* [Exercise prompt]:
Look below for the line with "settings Model: Creator=USER" and the line with "SG2_model1 : SG2_model/SG2_model"; repeat exactly those two lines and all lines between them, but no pictures.

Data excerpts

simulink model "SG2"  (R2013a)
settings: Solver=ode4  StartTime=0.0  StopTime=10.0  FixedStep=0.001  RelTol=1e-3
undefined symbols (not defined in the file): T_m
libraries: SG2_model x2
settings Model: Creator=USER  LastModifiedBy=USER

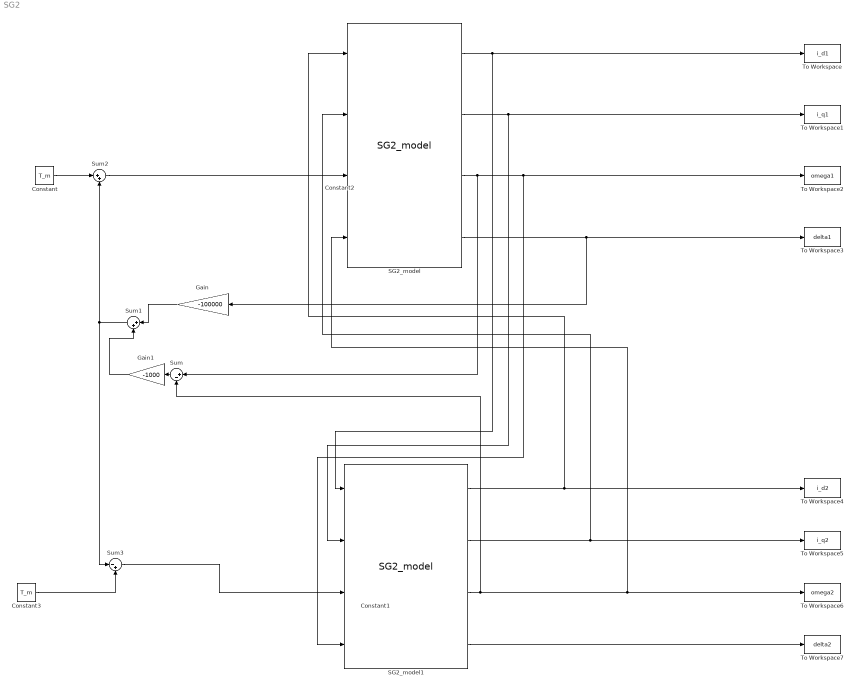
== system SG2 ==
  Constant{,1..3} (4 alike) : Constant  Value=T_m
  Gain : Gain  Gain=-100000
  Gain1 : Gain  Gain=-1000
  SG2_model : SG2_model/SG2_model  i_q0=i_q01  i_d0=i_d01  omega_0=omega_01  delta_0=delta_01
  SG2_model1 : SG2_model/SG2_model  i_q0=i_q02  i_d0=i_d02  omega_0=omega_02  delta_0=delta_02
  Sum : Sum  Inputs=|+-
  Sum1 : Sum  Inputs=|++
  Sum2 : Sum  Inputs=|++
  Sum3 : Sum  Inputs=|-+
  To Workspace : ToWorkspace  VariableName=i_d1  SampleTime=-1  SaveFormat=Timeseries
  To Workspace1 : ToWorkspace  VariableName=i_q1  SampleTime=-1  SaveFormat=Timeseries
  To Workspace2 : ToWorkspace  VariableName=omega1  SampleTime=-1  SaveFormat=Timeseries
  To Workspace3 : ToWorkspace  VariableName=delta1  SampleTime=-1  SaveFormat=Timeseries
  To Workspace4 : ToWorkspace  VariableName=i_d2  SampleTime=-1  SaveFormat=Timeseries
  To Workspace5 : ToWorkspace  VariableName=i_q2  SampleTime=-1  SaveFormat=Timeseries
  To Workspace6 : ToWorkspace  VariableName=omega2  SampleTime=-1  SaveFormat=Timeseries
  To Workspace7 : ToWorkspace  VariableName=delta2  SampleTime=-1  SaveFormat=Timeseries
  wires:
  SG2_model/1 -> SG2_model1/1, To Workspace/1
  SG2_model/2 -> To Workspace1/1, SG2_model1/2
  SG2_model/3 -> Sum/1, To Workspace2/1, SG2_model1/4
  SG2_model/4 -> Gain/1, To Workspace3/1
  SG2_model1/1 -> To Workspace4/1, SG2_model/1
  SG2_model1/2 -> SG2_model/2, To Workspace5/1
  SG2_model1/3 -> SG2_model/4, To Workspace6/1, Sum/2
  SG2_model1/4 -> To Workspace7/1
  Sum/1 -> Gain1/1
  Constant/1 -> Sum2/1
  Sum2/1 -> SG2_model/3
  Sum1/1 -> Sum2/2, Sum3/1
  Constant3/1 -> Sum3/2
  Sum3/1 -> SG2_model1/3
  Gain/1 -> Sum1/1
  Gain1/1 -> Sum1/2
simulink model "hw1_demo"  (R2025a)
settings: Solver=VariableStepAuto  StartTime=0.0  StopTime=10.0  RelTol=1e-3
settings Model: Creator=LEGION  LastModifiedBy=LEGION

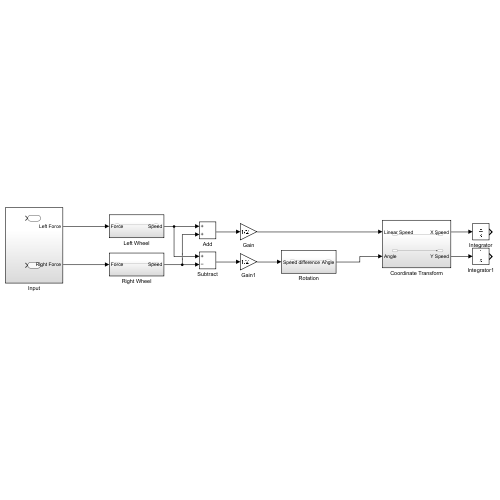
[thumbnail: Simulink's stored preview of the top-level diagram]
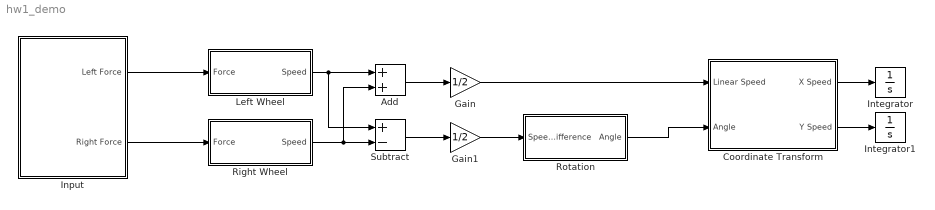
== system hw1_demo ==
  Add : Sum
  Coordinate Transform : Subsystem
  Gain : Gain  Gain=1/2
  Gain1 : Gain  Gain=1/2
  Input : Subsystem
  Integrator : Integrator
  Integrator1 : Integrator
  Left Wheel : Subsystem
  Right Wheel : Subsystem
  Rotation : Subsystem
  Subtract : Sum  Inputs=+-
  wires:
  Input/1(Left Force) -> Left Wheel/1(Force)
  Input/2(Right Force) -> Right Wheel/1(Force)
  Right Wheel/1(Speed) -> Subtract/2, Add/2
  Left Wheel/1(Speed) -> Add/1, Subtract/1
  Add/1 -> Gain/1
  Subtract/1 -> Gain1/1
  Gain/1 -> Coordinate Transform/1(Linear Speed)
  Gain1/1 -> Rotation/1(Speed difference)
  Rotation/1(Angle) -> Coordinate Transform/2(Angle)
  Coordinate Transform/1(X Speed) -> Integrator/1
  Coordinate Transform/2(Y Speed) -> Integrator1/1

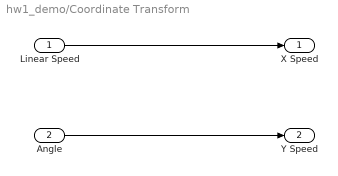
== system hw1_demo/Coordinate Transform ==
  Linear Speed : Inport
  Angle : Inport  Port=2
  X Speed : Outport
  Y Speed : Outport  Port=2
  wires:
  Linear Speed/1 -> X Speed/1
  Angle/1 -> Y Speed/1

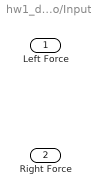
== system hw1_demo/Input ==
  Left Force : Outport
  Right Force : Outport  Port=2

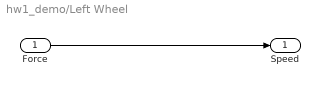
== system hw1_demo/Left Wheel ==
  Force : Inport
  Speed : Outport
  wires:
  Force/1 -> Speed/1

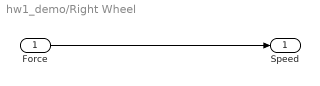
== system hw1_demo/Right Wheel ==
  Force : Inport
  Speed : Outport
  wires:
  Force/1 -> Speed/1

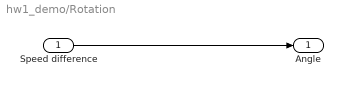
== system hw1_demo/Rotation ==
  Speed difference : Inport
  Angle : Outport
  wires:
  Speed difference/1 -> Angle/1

* [Your solution]:
settings Model: Creator=USER  LastModifiedBy=USER

== system SG2 ==
  Constant{,1..3} (4 alike) : Constant  Value=T_m
  Gain : Gain  Gain=-100000
  Gain1 : Gain  Gain=-1000
  SG2_model : SG2_model/SG2_model  i_q0=i_q01  i_d0=i_d01  omega_0=omega_01  delta_0=delta_01
  SG2_model1 : SG2_model/SG2_model  i_q0=i_q02  i_d0=i_d02  omega_0=omega_02  delta_0=delta_02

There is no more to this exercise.